Rather, it is quite clear that the surplus arises purely as a result of production. The agricultural labourer takes a certain quantity of use values and produces a greater quantity of use values. After replacing those used as means of production, they have a quantity of use values that represents new production. This divides into a portion required to reproduce their labour-power, and a portion in excess of this, a surplus product.

For the direct producer, this surplus product appears to Turgot as a gift of nature. It is something obtained for which he has not expended an equal amount of labour, or paid for in terms of what he needs to consume to produce that labour. When these surplus products are exchanged for other products, therefore, they realise a surplus value, not because this surplus is created as a consequence of exchange, but because they already contained this surplus value, i.e. they already represent a value for which the producer had paid nothing, a value gifted to them by nature.

“We shall see, however, that in his writings this pure gift of nature becomes imperceptibly transformed into the surplus-labour of the labourer which the landowner has not bought, but which he sells in the products of agriculture.” (p 55)

In essence, Turgot here, as Marx sets out, has discovered the real nature of surplus value. It is a surplus created in production that is merely realised in circulation. The essence of surplus value is that it is a value in the hands of a seller, for which they have themselves given no equivalent. If it is assumed that all commodities exchange at their values – and this must be the case in total, even if not individually – then its clear that for sellers in total, this value in their hands, for which they have not paid an equivalent, cannot have come from the process of exchange.

It could only arise as a consequence of the process of production. In Physiocratic terms, a greater quantity of use values has been produced than the use values consumed in their production. 

Again, in terms of agricultural production, this seems manifest. If grain is taken to represent all of these use values, then we might have 100 kg. of grain required as seed, 500 kg. of grain required for the reproduction of the agricultural labour, and yet 1,000 kg. of grain may be the output. A use value of 100 kg. plus 500 kg. of grain = 600 kg. has produced a use value of 1000 kg. of grain, and so it seems that the surplus product of 400 kg, of grain is a free gift of nature, arising from the fertility of the soil.

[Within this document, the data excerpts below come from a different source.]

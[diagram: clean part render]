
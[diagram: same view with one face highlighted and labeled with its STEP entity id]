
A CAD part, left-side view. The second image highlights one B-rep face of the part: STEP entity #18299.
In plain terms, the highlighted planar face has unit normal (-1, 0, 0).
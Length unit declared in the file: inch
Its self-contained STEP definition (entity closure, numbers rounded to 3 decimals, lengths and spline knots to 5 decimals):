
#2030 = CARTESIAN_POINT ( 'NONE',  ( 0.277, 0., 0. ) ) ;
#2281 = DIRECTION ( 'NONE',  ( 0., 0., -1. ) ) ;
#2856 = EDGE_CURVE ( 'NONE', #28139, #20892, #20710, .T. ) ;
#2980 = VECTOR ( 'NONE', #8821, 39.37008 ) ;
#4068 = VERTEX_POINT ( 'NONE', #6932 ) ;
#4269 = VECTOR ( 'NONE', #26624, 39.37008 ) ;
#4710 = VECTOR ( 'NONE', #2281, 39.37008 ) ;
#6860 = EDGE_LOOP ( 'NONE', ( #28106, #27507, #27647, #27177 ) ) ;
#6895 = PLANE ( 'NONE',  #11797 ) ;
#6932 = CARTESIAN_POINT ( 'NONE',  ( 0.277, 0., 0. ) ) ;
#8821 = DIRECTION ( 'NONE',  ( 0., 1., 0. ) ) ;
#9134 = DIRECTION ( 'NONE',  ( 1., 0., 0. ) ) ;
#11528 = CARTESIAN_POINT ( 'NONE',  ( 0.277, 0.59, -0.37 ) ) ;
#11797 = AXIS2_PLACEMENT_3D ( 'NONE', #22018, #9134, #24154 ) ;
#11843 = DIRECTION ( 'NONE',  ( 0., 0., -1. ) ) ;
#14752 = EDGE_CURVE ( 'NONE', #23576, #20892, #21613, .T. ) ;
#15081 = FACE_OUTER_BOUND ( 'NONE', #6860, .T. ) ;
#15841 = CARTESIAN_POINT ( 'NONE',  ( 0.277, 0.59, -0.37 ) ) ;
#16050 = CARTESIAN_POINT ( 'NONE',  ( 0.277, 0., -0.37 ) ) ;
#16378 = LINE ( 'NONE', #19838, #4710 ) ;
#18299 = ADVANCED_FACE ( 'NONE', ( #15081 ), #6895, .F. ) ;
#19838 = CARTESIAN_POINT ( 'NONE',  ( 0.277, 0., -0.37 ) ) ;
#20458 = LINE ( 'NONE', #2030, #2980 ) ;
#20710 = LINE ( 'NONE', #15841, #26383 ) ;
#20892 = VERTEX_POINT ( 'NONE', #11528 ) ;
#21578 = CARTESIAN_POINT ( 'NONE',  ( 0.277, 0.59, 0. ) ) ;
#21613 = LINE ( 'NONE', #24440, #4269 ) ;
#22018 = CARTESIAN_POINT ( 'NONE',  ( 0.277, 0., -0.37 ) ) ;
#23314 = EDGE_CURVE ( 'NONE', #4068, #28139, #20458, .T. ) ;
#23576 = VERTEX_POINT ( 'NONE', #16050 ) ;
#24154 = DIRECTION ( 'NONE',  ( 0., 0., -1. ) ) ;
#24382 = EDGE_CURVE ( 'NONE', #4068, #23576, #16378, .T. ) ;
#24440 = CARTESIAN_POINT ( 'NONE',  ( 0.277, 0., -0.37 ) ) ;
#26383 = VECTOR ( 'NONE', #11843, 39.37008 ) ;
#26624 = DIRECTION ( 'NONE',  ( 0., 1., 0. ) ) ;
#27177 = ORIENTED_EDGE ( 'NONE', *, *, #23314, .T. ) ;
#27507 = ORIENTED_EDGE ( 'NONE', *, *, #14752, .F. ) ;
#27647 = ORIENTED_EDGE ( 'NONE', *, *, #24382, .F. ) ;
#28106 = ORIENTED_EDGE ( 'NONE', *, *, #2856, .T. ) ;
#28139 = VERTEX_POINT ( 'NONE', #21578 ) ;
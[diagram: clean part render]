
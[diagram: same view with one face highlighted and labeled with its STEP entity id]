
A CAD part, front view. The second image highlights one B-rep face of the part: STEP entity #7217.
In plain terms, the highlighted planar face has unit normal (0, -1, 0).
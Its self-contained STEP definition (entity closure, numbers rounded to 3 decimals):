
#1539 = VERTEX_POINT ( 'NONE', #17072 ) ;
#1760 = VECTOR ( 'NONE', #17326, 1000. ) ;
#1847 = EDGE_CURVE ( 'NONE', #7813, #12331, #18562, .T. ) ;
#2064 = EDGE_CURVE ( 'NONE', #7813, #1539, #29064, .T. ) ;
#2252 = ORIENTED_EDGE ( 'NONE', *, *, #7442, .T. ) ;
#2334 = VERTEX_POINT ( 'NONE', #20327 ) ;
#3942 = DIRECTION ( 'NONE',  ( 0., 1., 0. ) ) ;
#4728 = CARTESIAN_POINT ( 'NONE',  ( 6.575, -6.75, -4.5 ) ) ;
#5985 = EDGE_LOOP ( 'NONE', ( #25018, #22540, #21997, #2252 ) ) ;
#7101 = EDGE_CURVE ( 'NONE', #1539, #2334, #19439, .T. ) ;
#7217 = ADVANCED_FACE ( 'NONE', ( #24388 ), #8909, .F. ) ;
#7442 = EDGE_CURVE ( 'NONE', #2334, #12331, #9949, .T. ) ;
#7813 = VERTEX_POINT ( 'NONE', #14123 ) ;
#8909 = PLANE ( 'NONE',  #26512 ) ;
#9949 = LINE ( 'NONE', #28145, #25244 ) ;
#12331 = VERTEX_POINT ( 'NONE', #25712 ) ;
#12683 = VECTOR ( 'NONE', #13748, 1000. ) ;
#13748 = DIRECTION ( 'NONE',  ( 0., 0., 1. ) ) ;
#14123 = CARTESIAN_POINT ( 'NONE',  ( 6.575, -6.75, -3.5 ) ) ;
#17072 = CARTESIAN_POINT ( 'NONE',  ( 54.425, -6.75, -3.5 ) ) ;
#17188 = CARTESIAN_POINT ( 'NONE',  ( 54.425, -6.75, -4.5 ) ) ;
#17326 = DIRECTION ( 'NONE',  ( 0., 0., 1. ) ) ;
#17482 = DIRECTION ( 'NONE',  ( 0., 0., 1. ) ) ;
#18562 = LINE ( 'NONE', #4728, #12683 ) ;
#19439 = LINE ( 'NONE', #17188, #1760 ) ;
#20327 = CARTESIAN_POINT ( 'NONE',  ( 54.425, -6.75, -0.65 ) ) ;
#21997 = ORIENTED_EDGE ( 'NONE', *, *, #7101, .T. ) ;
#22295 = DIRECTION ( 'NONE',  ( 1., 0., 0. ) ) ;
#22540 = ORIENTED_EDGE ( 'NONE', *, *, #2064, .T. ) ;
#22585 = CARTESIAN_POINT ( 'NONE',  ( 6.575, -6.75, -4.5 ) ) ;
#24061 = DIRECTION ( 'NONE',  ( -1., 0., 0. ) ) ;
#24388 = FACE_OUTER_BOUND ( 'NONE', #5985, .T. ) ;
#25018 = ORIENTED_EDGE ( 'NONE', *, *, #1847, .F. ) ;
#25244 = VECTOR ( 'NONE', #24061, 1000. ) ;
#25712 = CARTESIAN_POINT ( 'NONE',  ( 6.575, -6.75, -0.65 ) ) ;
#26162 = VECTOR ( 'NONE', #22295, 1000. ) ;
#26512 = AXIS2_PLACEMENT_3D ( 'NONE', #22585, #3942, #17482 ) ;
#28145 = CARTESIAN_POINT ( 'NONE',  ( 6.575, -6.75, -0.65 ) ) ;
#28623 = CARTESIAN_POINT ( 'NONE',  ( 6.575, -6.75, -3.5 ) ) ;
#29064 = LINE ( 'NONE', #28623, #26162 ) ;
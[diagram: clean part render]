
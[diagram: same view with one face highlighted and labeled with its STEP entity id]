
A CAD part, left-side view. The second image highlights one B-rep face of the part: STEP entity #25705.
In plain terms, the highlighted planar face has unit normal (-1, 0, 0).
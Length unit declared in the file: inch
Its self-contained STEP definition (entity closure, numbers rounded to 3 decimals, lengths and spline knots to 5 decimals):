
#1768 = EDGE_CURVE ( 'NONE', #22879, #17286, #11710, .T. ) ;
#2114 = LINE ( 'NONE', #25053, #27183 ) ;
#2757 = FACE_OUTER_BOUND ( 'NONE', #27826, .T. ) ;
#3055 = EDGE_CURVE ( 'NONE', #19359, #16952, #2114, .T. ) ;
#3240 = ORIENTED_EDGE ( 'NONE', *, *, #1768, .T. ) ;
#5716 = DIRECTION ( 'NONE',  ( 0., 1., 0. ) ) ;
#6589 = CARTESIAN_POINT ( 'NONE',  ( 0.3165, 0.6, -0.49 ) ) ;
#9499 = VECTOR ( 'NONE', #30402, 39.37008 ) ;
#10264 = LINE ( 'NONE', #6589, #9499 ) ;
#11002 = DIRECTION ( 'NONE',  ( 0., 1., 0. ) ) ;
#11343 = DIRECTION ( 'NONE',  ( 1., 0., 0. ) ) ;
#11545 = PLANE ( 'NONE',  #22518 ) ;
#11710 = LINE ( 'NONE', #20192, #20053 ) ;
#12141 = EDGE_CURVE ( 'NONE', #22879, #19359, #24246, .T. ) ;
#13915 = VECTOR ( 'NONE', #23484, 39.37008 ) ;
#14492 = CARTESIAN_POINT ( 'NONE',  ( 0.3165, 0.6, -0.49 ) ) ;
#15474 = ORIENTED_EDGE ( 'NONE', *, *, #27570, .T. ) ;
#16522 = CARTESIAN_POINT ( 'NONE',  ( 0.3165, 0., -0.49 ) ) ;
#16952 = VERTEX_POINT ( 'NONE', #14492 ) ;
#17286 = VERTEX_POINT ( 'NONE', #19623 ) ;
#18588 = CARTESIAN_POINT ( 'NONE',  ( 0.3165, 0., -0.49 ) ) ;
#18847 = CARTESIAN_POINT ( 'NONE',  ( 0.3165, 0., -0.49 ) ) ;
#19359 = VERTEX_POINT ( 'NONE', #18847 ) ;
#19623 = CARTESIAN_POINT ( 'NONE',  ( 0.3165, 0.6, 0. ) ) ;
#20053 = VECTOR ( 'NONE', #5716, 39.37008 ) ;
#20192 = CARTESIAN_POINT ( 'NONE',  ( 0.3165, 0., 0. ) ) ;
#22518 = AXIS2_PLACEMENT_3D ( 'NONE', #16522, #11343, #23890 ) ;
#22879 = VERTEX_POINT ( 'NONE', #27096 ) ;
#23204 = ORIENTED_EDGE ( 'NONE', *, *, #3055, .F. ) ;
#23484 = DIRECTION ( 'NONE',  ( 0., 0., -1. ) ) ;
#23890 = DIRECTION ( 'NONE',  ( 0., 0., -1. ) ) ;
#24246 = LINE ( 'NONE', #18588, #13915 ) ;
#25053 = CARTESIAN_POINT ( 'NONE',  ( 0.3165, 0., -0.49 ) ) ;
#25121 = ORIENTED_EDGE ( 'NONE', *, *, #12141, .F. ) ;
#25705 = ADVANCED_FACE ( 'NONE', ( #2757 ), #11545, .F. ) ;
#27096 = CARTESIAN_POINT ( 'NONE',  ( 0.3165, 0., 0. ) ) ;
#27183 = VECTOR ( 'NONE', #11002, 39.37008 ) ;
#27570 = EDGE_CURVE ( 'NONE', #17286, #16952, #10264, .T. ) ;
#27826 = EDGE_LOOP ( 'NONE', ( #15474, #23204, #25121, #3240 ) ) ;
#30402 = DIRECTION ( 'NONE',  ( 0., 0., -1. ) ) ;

“In this first conception we have, to begin with, the essence of surplus-value — that it is value realised in sale, without the seller having given an equivalent for it, without his having bought it. Unpaid value. But in the second place this is conceived as a pure gift of nature, this excess over the wage of labour; because after all it is a gift of nature, it depends on the productivity of nature that the labourer is able to produce in his day’s labour more than is necessary for the reproduction of his labour-power, more than the amount of his wages. In this first conception the total product is still appropriated by the labourer himself … And this total product is divided into two parts. The first forms his wages; he is presented as his own wage-labourer, who pays himself the part of the product that is necessary for the reproduction of his labour-power, for his subsistence. The second part, which is the excess over the first, is a gift of nature and forms surplus-value.” (p 55)

But, when the land is separated from the labourer, and the labourer becomes a wage worker, the nature of this surplus value becomes clearer, because it is appropriated, not by the labourer, but by the owner of the land.